Essa estimativa do PIB pressupõe que já estamos em crescimento no segundo trimestre?

Acho que já vamos fechar com crescimento de 1% no segundo trimestre. No terceiro, deveremos fechar com 2,8% ou 2,9%, enquanto no último, pouco mais de 3%. Para 2010, acredito que não vamos crescer 3,5%, mas de 2% a 2,5%.

A redução da arrecadação de impostos pode comprometer a recuperação?

Não vejo problema algum. Nosso endividamento está mais baixo, tanto interno quanto externo. Mesmo que feche este ano com déficit primário, não vejo problema.

E juros? Está correta a atitude sinalizada pelo BC de cortes moderados daqui para frente?

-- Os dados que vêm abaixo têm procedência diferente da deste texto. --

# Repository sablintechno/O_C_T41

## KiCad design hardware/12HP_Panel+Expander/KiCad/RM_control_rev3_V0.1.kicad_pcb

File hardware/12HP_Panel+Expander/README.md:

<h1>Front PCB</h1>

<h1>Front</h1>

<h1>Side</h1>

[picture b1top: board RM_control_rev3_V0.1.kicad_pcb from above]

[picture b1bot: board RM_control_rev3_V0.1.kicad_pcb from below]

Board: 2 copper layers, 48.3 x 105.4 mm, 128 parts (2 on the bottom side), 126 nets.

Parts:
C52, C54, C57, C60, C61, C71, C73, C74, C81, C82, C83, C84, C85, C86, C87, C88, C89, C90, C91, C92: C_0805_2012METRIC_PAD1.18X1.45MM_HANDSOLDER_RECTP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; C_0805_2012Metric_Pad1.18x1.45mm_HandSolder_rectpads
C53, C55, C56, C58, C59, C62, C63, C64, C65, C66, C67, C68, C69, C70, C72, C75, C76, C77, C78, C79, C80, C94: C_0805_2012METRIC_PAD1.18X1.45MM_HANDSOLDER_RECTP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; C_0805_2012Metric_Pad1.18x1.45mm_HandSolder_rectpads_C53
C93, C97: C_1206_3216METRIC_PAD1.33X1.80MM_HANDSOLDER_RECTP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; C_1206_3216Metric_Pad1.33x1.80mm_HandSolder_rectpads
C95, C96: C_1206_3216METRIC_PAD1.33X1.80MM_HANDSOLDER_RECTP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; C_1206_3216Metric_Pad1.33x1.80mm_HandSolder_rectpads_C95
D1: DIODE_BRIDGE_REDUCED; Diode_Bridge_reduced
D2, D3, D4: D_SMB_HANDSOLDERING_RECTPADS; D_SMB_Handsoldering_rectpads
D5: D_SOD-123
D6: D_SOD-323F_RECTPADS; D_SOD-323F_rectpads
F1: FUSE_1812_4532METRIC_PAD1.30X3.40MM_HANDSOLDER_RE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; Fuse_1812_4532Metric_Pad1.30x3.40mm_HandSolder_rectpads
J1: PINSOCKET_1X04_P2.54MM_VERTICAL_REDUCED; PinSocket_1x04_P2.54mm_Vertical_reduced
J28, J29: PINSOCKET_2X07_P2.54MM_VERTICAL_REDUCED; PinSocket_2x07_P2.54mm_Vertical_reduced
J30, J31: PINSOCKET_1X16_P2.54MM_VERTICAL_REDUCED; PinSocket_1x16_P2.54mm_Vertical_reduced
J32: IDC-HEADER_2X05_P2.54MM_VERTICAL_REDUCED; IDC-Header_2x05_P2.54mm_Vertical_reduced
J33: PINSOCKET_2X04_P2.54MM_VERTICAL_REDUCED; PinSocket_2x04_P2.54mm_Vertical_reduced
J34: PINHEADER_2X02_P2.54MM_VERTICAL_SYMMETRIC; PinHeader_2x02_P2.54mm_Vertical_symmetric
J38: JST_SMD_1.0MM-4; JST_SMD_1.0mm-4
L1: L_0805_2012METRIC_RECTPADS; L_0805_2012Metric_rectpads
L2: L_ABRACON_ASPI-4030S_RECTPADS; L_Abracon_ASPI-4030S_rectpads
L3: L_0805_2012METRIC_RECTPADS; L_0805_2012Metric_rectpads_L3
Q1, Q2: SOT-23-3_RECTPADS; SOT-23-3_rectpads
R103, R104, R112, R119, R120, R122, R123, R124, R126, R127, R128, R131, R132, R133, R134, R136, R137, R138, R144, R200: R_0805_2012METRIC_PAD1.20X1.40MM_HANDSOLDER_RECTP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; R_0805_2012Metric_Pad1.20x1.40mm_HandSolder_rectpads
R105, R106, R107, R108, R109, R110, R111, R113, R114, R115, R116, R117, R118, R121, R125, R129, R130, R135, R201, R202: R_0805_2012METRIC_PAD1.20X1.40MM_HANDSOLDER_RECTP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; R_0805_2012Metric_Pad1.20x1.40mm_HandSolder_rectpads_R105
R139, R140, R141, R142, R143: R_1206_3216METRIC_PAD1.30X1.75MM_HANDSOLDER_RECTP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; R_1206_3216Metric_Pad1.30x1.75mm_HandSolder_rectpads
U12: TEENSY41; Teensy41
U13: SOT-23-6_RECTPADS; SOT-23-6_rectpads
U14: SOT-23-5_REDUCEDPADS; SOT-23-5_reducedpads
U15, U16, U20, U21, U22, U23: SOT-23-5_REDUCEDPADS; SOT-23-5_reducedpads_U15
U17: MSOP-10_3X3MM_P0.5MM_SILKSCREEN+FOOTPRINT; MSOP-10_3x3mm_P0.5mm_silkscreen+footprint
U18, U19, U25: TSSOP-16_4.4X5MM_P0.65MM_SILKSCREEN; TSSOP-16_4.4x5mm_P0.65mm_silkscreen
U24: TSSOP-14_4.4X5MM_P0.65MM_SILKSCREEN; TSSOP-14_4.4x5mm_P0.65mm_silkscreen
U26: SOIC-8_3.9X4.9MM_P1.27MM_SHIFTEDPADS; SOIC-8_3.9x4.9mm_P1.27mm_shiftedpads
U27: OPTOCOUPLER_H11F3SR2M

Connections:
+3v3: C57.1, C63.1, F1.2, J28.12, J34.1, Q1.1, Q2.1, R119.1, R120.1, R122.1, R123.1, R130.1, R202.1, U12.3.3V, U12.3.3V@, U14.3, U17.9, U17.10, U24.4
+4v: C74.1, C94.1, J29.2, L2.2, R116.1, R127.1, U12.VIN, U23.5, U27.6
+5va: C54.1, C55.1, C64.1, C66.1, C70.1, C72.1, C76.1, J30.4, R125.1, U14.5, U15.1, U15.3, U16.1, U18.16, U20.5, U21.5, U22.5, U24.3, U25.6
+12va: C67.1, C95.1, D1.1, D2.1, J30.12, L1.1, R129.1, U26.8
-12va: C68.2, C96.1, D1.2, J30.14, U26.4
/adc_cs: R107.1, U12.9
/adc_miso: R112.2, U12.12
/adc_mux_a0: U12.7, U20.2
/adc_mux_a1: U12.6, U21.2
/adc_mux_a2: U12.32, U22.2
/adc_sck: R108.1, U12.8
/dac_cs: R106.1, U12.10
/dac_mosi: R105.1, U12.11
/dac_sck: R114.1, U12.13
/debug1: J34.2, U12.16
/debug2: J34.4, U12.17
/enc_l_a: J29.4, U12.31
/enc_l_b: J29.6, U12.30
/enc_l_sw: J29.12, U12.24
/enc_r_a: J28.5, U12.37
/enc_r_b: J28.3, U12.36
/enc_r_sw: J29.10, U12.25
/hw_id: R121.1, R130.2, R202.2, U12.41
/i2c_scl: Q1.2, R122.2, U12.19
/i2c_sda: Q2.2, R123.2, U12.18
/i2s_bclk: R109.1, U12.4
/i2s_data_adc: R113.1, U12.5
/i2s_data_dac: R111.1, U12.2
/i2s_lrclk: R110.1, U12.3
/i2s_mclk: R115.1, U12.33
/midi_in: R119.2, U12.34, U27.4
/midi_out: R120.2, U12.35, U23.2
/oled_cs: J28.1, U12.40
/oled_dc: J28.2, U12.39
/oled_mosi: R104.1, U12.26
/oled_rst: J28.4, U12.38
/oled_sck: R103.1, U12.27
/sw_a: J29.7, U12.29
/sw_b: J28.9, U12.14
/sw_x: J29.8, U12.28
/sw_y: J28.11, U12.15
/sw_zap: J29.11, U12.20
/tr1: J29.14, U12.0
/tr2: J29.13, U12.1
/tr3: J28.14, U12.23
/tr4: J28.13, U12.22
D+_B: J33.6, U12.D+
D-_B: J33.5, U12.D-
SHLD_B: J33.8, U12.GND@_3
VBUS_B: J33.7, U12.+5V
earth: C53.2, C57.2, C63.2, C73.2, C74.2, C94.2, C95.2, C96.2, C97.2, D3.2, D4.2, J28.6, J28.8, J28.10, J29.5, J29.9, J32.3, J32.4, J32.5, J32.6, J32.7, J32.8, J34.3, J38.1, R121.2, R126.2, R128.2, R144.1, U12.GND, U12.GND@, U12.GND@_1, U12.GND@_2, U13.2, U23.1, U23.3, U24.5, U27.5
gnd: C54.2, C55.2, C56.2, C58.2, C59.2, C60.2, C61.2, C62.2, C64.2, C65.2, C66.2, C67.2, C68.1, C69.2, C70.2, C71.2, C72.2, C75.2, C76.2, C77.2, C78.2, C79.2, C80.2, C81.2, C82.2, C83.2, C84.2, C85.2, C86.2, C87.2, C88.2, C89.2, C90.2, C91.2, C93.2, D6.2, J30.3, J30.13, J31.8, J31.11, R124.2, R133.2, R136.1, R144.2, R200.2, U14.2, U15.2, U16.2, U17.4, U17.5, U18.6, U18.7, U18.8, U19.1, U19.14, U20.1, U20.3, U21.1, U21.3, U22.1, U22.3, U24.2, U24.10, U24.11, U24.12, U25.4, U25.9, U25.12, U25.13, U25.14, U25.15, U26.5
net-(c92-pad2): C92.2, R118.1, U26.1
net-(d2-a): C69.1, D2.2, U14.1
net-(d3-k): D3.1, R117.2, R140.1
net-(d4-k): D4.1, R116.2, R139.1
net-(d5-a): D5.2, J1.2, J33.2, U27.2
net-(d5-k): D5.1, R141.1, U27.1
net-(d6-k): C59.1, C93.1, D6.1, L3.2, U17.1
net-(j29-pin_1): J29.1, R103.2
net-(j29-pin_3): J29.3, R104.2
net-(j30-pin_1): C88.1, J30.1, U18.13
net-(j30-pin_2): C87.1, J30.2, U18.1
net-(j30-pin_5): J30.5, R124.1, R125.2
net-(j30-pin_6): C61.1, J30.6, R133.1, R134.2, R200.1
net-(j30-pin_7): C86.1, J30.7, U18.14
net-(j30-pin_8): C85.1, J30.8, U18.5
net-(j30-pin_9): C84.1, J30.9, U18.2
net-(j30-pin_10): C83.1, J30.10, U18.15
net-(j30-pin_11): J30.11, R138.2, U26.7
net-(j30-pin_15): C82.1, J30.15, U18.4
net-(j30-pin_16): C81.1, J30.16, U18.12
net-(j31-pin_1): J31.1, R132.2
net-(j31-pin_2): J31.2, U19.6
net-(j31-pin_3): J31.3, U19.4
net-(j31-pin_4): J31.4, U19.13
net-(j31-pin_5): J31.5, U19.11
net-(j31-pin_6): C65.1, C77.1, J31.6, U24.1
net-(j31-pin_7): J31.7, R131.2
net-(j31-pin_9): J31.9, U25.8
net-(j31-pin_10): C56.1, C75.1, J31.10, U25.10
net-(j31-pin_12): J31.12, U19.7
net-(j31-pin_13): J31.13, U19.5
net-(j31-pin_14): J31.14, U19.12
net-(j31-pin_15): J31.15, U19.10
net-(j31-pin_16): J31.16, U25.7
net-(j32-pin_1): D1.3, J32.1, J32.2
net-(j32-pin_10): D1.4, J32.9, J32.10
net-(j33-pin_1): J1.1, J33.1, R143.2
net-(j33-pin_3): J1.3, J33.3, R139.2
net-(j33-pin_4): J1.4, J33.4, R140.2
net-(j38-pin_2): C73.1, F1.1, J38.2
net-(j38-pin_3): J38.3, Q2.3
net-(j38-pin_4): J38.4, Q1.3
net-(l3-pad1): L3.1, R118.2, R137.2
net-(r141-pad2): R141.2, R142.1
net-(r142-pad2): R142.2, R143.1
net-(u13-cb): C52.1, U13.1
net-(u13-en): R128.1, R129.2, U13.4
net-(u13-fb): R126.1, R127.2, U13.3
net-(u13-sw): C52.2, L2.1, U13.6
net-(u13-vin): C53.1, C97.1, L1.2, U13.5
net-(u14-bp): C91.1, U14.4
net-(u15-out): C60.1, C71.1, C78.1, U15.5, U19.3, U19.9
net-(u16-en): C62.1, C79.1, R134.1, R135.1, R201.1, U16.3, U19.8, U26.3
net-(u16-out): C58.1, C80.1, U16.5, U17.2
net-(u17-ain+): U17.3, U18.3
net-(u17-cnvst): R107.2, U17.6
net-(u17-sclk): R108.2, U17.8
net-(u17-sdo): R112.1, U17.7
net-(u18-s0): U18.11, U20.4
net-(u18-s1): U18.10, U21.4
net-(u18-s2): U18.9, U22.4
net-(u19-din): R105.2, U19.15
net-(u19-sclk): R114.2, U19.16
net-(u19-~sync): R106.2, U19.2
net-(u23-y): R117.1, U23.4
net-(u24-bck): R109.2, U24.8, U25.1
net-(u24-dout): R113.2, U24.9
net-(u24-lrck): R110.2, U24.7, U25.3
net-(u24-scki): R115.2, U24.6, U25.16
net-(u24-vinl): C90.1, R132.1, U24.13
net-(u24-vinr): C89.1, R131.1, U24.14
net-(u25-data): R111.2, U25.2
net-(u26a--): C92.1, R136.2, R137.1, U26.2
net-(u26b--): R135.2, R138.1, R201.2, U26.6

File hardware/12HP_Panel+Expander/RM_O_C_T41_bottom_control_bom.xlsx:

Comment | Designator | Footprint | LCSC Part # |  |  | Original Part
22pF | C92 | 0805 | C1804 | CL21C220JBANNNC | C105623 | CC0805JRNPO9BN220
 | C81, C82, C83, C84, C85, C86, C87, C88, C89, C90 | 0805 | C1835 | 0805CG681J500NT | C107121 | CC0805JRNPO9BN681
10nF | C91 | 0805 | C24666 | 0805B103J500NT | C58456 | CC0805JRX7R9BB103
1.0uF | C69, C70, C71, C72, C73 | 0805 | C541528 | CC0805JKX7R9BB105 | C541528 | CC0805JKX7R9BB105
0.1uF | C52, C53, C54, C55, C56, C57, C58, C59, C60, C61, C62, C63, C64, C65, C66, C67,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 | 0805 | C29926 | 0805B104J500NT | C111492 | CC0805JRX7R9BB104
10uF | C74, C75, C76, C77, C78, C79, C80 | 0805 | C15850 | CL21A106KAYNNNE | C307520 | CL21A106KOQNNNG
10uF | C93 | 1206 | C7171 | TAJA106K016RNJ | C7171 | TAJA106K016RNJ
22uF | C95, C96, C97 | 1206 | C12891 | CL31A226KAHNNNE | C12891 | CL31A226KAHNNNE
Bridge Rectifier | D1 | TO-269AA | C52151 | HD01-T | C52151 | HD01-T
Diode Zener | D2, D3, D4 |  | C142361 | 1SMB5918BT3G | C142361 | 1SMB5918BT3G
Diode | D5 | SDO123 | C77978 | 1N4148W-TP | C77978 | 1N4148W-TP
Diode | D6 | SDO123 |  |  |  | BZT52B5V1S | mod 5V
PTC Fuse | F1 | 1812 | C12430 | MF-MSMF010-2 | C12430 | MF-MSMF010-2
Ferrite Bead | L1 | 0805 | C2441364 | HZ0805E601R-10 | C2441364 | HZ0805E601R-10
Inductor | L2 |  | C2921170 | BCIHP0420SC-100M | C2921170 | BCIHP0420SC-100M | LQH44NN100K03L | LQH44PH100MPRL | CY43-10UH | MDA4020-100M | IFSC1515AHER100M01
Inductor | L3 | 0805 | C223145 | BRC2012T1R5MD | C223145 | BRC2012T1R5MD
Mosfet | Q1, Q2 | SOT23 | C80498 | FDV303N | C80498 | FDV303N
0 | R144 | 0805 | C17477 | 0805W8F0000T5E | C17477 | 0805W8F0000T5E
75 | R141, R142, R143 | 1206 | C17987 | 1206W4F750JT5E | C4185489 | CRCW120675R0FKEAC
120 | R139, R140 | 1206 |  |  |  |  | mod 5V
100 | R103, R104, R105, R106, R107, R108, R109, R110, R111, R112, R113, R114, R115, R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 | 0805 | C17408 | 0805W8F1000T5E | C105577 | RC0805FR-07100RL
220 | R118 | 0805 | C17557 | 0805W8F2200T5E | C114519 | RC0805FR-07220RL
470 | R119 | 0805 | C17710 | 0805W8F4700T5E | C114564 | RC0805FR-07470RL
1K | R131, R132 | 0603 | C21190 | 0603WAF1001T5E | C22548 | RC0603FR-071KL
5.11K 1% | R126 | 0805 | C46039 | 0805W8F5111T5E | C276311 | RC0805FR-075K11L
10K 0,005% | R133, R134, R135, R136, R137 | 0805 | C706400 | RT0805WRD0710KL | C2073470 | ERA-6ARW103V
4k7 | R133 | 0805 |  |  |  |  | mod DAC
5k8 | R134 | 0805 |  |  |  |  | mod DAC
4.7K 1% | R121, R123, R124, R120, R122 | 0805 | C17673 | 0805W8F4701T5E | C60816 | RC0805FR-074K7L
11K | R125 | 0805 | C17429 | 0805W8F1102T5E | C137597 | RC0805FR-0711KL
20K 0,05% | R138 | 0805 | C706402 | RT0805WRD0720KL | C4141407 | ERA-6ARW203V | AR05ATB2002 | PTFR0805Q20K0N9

Quando disse em janeiro que o juro estaria em um dígito no segundo semestre, todos me criticaram. O BC agora deve reduzir o juro em ritmo bem menor, de 0,25 ponto a 0,5 ponto percentual. No fim deste ano, a Selic não deve ficar menor do que 8,75%. Acho que ainda é alta, mas o Brasil tem que trabalhar com taxas ainda altas por um tempo.

E como estão os negócios, agora que está de volta ao setor bancário?

Aguardo só um retorno do BC para começar a trabalhar normalmente. Por enquanto estou olhando a banda passar sem poder fazer nada. É um processo normal, burocrático, que leva 120 dias. Já se passaram uns 40. Então, acho que devemos aguardar só mais 60 dias.